Data on a reel of tape can only be accessed linearly, although it is possible to skip tape somewhat faster than you can read it. On a file server, data is random access; there may be a slight penalty for jumping around in a file, but there might not. (On the sharded distributed model, it might well be faster then linear reads.) But trying to read out of order on a tape drive might turn an input operation which takes an hour into an operation which takes a week. So it's very important to access the sample in order. Moreover, you really don't want to have to read the tape twice, which would take twice as long.
One of the other assumptions that was made in those algorithms is that you might not have enough memory to store the entire sample; in 1985, main memory was horribly expensive and databases were already quite large.
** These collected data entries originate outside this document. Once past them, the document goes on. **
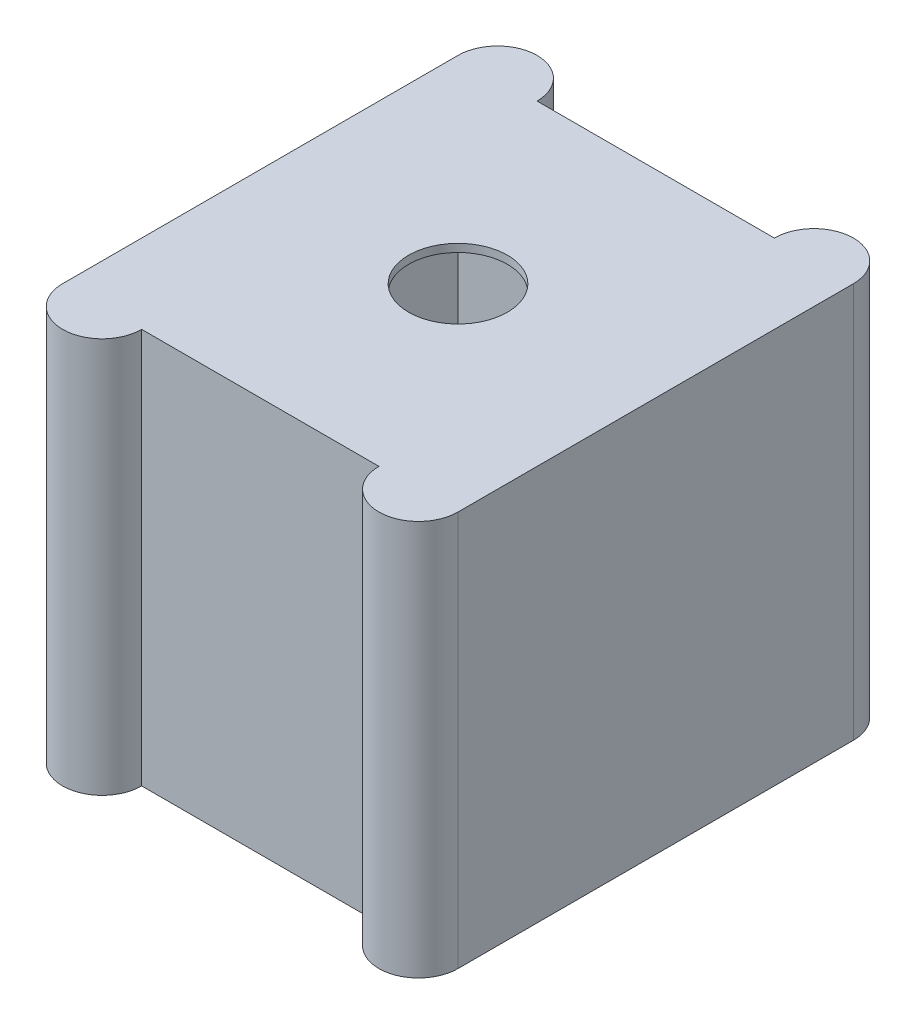
ISO-10303-21;
HEADER;
FILE_DESCRIPTION(('STEP AP214'),'2;1');
FILE_NAME('part.step','',(''),(''),'','','');
FILE_SCHEMA(('AUTOMOTIVE_DESIGN { 1 0 10303 214 1 1 1 1 }'));
ENDSEC;
DATA;
#1=APPLICATION_CONTEXT('core data for automotive mechanical design processes');
#2=APPLICATION_PROTOCOL_DEFINITION('international standard','automotive_design',2000,#1);
#3=PRODUCT_CONTEXT('',#1,'mechanical');
#4=PRODUCT('Part','Part','',(#3));
#5=PRODUCT_RELATED_PRODUCT_CATEGORY('part','',(#4));
#6=PRODUCT_DEFINITION_FORMATION('','',#4);
#7=PRODUCT_DEFINITION_CONTEXT('part definition',#1,'design');
#8=PRODUCT_DEFINITION('design','',#6,#7);
#9=PRODUCT_DEFINITION_SHAPE('','',#8);
#10=(LENGTH_UNIT() NAMED_UNIT(*) SI_UNIT(.MILLI.,.METRE.));
#11=(NAMED_UNIT(*) PLANE_ANGLE_UNIT() SI_UNIT($,.RADIAN.));
#12=(NAMED_UNIT(*) SI_UNIT($,.STERADIAN.) SOLID_ANGLE_UNIT());
#13=UNCERTAINTY_MEASURE_WITH_UNIT(LENGTH_MEASURE(1.E-05),#10,'distance_accuracy_value','');
#14=(GEOMETRIC_REPRESENTATION_CONTEXT(3) GLOBAL_UNCERTAINTY_ASSIGNED_CONTEXT((#13)) GLOBAL_UNIT_ASSIGNED_CONTEXT((#10,
#11,#12)) REPRESENTATION_CONTEXT('',''));
#15=CARTESIAN_POINT('',(0.,0.,0.));
#16=DIRECTION('',(0.,0.,1.));
#17=DIRECTION('',(1.,0.,0.));
#18=AXIS2_PLACEMENT_3D('',#15,#16,#17);
#19=CARTESIAN_POINT('',(40.,100.,50.));
#20=DIRECTION('',(0.,-1.,0.));
#21=DIRECTION('',(0.,0.,-1.));
#22=AXIS2_PLACEMENT_3D('',#19,#20,#21);
#23=PLANE('',#22);
#24=CARTESIAN_POINT('',(40.,100.,50.));
#25=DIRECTION('',(0.,1.,0.));
#26=DIRECTION('',(0.,0.,-1.));
#27=AXIS2_PLACEMENT_3D('',#24,#25,#26);
#28=CIRCLE('',#27,10.);
#29=CARTESIAN_POINT('',(30.,100.,50.));
#30=VERTEX_POINT('',#29);
#31=CARTESIAN_POINT('',(50.,100.,50.));
#32=VERTEX_POINT('',#31);
#33=EDGE_CURVE('E177',#30,#32,#28,.T.);
#34=ORIENTED_EDGE('',*,*,#33,.T.);
#35=DIRECTION('',(0.,0.,-1.));
#36=VECTOR('',#35,1.);
#37=CARTESIAN_POINT('',(50.,100.,-50.));
#38=LINE('',#37,#36);
#39=CARTESIAN_POINT('',(50.,100.,-50.));
#40=VERTEX_POINT('',#39);
#41=EDGE_CURVE('E106',#32,#40,#38,.T.);
#42=ORIENTED_EDGE('',*,*,#41,.T.);
#43=CARTESIAN_POINT('',(40.,100.,-50.));
#44=DIRECTION('',(0.,1.,0.));
#45=DIRECTION('',(0.,0.,1.));
#46=AXIS2_PLACEMENT_3D('',#43,#44,#45);
#47=CIRCLE('',#46,10.);
#48=CARTESIAN_POINT('',(30.,100.,-50.));
#49=VERTEX_POINT('',#48);
#50=EDGE_CURVE('E265',#40,#49,#47,.T.);
#51=ORIENTED_EDGE('',*,*,#50,.T.);
#52=DIRECTION('',(-1.,0.,0.));
#53=VECTOR('',#52,1.);
#54=CARTESIAN_POINT('',(-30.,100.,-50.));
#55=LINE('',#54,#53);
#56=CARTESIAN_POINT('',(-30.,100.,-50.));
#57=VERTEX_POINT('',#56);
#58=EDGE_CURVE('E268',#49,#57,#55,.T.);
#59=ORIENTED_EDGE('',*,*,#58,.T.);
#60=CARTESIAN_POINT('',(-40.,100.,-50.));
#61=DIRECTION('',(0.,1.,0.));
#62=DIRECTION('',(0.,0.,-1.));
#63=AXIS2_PLACEMENT_3D('',#60,#61,#62);
#64=CIRCLE('',#63,10.);
#65=CARTESIAN_POINT('',(-50.,100.,-50.));
#66=VERTEX_POINT('',#65);
#67=EDGE_CURVE('E128',#57,#66,#64,.T.);
#68=ORIENTED_EDGE('',*,*,#67,.T.);
#69=DIRECTION('',(0.,0.,1.));
#70=VECTOR('',#69,1.);
#71=CARTESIAN_POINT('',(-50.,100.,-50.));
#72=LINE('',#71,#70);
#73=CARTESIAN_POINT('',(-50.,100.,50.));
#74=VERTEX_POINT('',#73);
#75=EDGE_CURVE('E121',#66,#74,#72,.T.);
#76=ORIENTED_EDGE('',*,*,#75,.T.);
#77=CARTESIAN_POINT('',(-40.,100.,50.));
#78=DIRECTION('',(0.,1.,0.));
#79=DIRECTION('',(0.,0.,1.));
#80=AXIS2_PLACEMENT_3D('',#77,#78,#79);
#81=CIRCLE('',#80,10.);
#82=CARTESIAN_POINT('',(-30.,100.,50.));
#83=VERTEX_POINT('',#82);
#84=EDGE_CURVE('E125',#74,#83,#81,.T.);
#85=ORIENTED_EDGE('',*,*,#84,.T.);
#86=DIRECTION('',(1.,0.,0.));
#87=VECTOR('',#86,1.);
#88=CARTESIAN_POINT('',(-30.,100.,50.));
#89=LINE('',#88,#87);
#90=EDGE_CURVE('E64',#83,#30,#89,.T.);
#91=ORIENTED_EDGE('',*,*,#90,.T.);
#92=EDGE_LOOP('',(#34,#42,#51,#59,#68,#76,#85,#91));
#93=FACE_BOUND('',#92,.T.);
#94=CARTESIAN_POINT('',(0.,100.,0.));
#95=DIRECTION('',(0.,1.,0.));
#96=DIRECTION('',(0.,0.,1.));
#97=AXIS2_PLACEMENT_3D('',#94,#95,#96);
#98=CIRCLE('',#97,12.5);
#99=CARTESIAN_POINT('',(0.,100.,12.5));
#100=VERTEX_POINT('',#99);
#101=EDGE_CURVE('E158',#100,#100,#98,.T.);
#102=ORIENTED_EDGE('',*,*,#101,.F.);
#103=EDGE_LOOP('',(#102));
#104=FACE_BOUND('',#103,.T.);
#105=ADVANCED_FACE('F39',(#93,#104),#23,.F.);
#106=CARTESIAN_POINT('',(40.,0.,50.));
#107=DIRECTION('',(0.,-1.,0.));
#108=DIRECTION('',(0.,0.,-1.));
#109=AXIS2_PLACEMENT_3D('',#106,#107,#108);
#110=PLANE('',#109);
#111=DIRECTION('',(0.,0.,1.));
#112=VECTOR('',#111,1.);
#113=CARTESIAN_POINT('',(48.,0.,50.));
#114=LINE('',#113,#112);
#115=CARTESIAN_POINT('',(48.,0.,-48.));
#116=VERTEX_POINT('',#115);
#117=CARTESIAN_POINT('',(48.,0.,48.));
#118=VERTEX_POINT('',#117);
#119=EDGE_CURVE('E11',#116,#118,#114,.T.);
#120=ORIENTED_EDGE('',*,*,#119,.F.);
#121=DIRECTION('',(1.,0.,0.));
#122=VECTOR('',#121,1.);
#123=CARTESIAN_POINT('',(40.,0.,-48.));
#124=LINE('',#123,#122);
#125=CARTESIAN_POINT('',(-48.,0.,-48.));
#126=VERTEX_POINT('',#125);
#127=EDGE_CURVE('E199',#126,#116,#124,.T.);
#128=ORIENTED_EDGE('',*,*,#127,.F.);
#129=DIRECTION('',(0.,0.,-1.));
#130=VECTOR('',#129,1.);
#131=CARTESIAN_POINT('',(-48.,0.,50.));
#132=LINE('',#131,#130);
#133=CARTESIAN_POINT('',(-48.,0.,48.));
#134=VERTEX_POINT('',#133);
#135=EDGE_CURVE('E207',#134,#126,#132,.T.);
#136=ORIENTED_EDGE('',*,*,#135,.F.);
#137=DIRECTION('',(-1.,0.,0.));
#138=VECTOR('',#137,1.);
#139=CARTESIAN_POINT('',(40.,0.,48.));
#140=LINE('',#139,#138);
#141=EDGE_CURVE('E48',#118,#134,#140,.T.);
#142=ORIENTED_EDGE('',*,*,#141,.F.);
#143=EDGE_LOOP('',(#120,#128,#136,#142));
#144=FACE_BOUND('',#143,.T.);
#145=CARTESIAN_POINT('',(40.,0.,50.));
#146=DIRECTION('',(0.,1.,0.));
#147=DIRECTION('',(0.,0.,-1.));
#148=AXIS2_PLACEMENT_3D('',#145,#146,#147);
#149=CIRCLE('',#148,10.);
#150=CARTESIAN_POINT('',(30.,0.,50.));
#151=VERTEX_POINT('',#150);
#152=CARTESIAN_POINT('',(50.,0.,50.));
#153=VERTEX_POINT('',#152);
#154=EDGE_CURVE('E153',#151,#153,#149,.T.);
#155=ORIENTED_EDGE('',*,*,#154,.F.);
#156=DIRECTION('',(1.,0.,0.));
#157=VECTOR('',#156,1.);
#158=CARTESIAN_POINT('',(-30.,0.,50.));
#159=LINE('',#158,#157);
#160=CARTESIAN_POINT('',(-30.,0.,50.));
#161=VERTEX_POINT('',#160);
#162=EDGE_CURVE('E97',#161,#151,#159,.T.);
#163=ORIENTED_EDGE('',*,*,#162,.F.);
#164=CARTESIAN_POINT('',(-40.,0.,50.));
#165=DIRECTION('',(0.,1.,0.));
#166=DIRECTION('',(0.,0.,1.));
#167=AXIS2_PLACEMENT_3D('',#164,#165,#166);
#168=CIRCLE('',#167,10.);
#169=CARTESIAN_POINT('',(-50.,0.,50.));
#170=VERTEX_POINT('',#169);
#171=EDGE_CURVE('E172',#170,#161,#168,.T.);
#172=ORIENTED_EDGE('',*,*,#171,.F.);
#173=DIRECTION('',(0.,0.,1.));
#174=VECTOR('',#173,1.);
#175=CARTESIAN_POINT('',(-50.,0.,-50.));
#176=LINE('',#175,#174);
#177=CARTESIAN_POINT('',(-50.,0.,-50.));
#178=VERTEX_POINT('',#177);
#179=EDGE_CURVE('E138',#178,#170,#176,.T.);
#180=ORIENTED_EDGE('',*,*,#179,.F.);
#181=CARTESIAN_POINT('',(-40.,0.,-50.));
#182=DIRECTION('',(0.,1.,0.));
#183=DIRECTION('',(0.,0.,-1.));
#184=AXIS2_PLACEMENT_3D('',#181,#182,#183);
#185=CIRCLE('',#184,10.);
#186=CARTESIAN_POINT('',(-30.,0.,-50.));
#187=VERTEX_POINT('',#186);
#188=EDGE_CURVE('E167',#187,#178,#185,.T.);
#189=ORIENTED_EDGE('',*,*,#188,.F.);
#190=DIRECTION('',(-1.,0.,0.));
#191=VECTOR('',#190,1.);
#192=CARTESIAN_POINT('',(-30.,0.,-50.));
#193=LINE('',#192,#191);
#194=CARTESIAN_POINT('',(30.,0.,-50.));
#195=VERTEX_POINT('',#194);
#196=EDGE_CURVE('E164',#195,#187,#193,.T.);
#197=ORIENTED_EDGE('',*,*,#196,.F.);
#198=CARTESIAN_POINT('',(40.,0.,-50.));
#199=DIRECTION('',(0.,1.,0.));
#200=DIRECTION('',(0.,0.,1.));
#201=AXIS2_PLACEMENT_3D('',#198,#199,#200);
#202=CIRCLE('',#201,10.);
#203=CARTESIAN_POINT('',(50.,0.,-50.));
#204=VERTEX_POINT('',#203);
#205=EDGE_CURVE('E161',#204,#195,#202,.T.);
#206=ORIENTED_EDGE('',*,*,#205,.F.);
#207=DIRECTION('',(0.,0.,-1.));
#208=VECTOR('',#207,1.);
#209=CARTESIAN_POINT('',(50.,0.,-50.));
#210=LINE('',#209,#208);
#211=EDGE_CURVE('E157',#153,#204,#210,.T.);
#212=ORIENTED_EDGE('',*,*,#211,.F.);
#213=EDGE_LOOP('',(#155,#163,#172,#180,#189,#197,#206,#212));
#214=FACE_BOUND('',#213,.T.);
#215=ADVANCED_FACE('F235',(#144,#214),#110,.T.);
#216=CARTESIAN_POINT('',(40.,100.,50.));
#217=DIRECTION('',(0.,-1.,0.));
#218=DIRECTION('',(0.,0.,-1.));
#219=AXIS2_PLACEMENT_3D('',#216,#217,#218);
#220=CYLINDRICAL_SURFACE('',#219,10.);
#221=ORIENTED_EDGE('',*,*,#154,.T.);
#222=DIRECTION('',(0.,-1.,0.));
#223=VECTOR('',#222,1.);
#224=CARTESIAN_POINT('',(50.,100.,50.));
#225=LINE('',#224,#223);
#226=EDGE_CURVE('E196',#32,#153,#225,.T.);
#227=ORIENTED_EDGE('',*,*,#226,.F.);
#228=ORIENTED_EDGE('',*,*,#33,.F.);
#229=DIRECTION('',(0.,-1.,0.));
#230=VECTOR('',#229,1.);
#231=CARTESIAN_POINT('',(30.,100.,50.));
#232=LINE('',#231,#230);
#233=EDGE_CURVE('E149',#30,#151,#232,.T.);
#234=ORIENTED_EDGE('',*,*,#233,.T.);
#235=EDGE_LOOP('',(#221,#227,#228,#234));
#236=FACE_BOUND('',#235,.T.);
#237=ADVANCED_FACE('F41',(#236),#220,.T.);
#238=CARTESIAN_POINT('',(50.,100.,-50.));
#239=DIRECTION('',(-1.,0.,0.));
#240=DIRECTION('',(0.,0.,1.));
#241=AXIS2_PLACEMENT_3D('',#238,#239,#240);
#242=PLANE('',#241);
#243=ORIENTED_EDGE('',*,*,#211,.T.);
#244=DIRECTION('',(0.,-1.,0.));
#245=VECTOR('',#244,1.);
#246=CARTESIAN_POINT('',(50.,100.,-50.));
#247=LINE('',#246,#245);
#248=EDGE_CURVE('E192',#40,#204,#247,.T.);
#249=ORIENTED_EDGE('',*,*,#248,.F.);
#250=ORIENTED_EDGE('',*,*,#41,.F.);
#251=ORIENTED_EDGE('',*,*,#226,.T.);
#252=EDGE_LOOP('',(#243,#249,#250,#251));
#253=FACE_BOUND('',#252,.T.);
#254=ADVANCED_FACE('F322',(#253),#242,.F.);
#255=CARTESIAN_POINT('',(40.,100.,-50.));
#256=DIRECTION('',(0.,-1.,0.));
#257=DIRECTION('',(0.,0.,-1.));
#258=AXIS2_PLACEMENT_3D('',#255,#256,#257);
#259=CYLINDRICAL_SURFACE('',#258,10.);
#260=ORIENTED_EDGE('',*,*,#205,.T.);
#261=DIRECTION('',(0.,-1.,0.));
#262=VECTOR('',#261,1.);
#263=CARTESIAN_POINT('',(30.,100.,-50.));
#264=LINE('',#263,#262);
#265=EDGE_CURVE('E188',#49,#195,#264,.T.);
#266=ORIENTED_EDGE('',*,*,#265,.F.);
#267=ORIENTED_EDGE('',*,*,#50,.F.);
#268=ORIENTED_EDGE('',*,*,#248,.T.);
#269=EDGE_LOOP('',(#260,#266,#267,#268));
#270=FACE_BOUND('',#269,.T.);
#271=ADVANCED_FACE('F319',(#270),#259,.T.);
#272=CARTESIAN_POINT('',(-30.,100.,-50.));
#273=DIRECTION('',(0.,0.,1.));
#274=DIRECTION('',(1.,0.,0.));
#275=AXIS2_PLACEMENT_3D('',#272,#273,#274);
#276=PLANE('',#275);
#277=ORIENTED_EDGE('',*,*,#196,.T.);
#278=DIRECTION('',(0.,-1.,0.));
#279=VECTOR('',#278,1.);
#280=CARTESIAN_POINT('',(-30.,100.,-50.));
#281=LINE('',#280,#279);
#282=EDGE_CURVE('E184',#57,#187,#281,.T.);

So a common way to collect a large sample from a huge database was to copy the sampled blocks onto secondary memory, such as another tape drive. But there's a bit of a catch with reservoir sampling: as the sampling algorithm proceeds, some items which were initially inserted in the sample are later replaced with other items. But you can't replace data written on tape, so you need to just keep on appending the newly selected samples. What you do hold in random access memory is a list of locations of the sample; once you've finished selecting the sample, you can sort this list of locations and then use it to read out the final selection in storage order, skipping over the rejected items. That means that the temporary sample storage ends up holding both the final sample, and some number of later rejected items. The O(n(1+log(N/n))) space complexity in Algorithm R refers to precisely this storage, and it's actually a reasonably small multiplier, considering.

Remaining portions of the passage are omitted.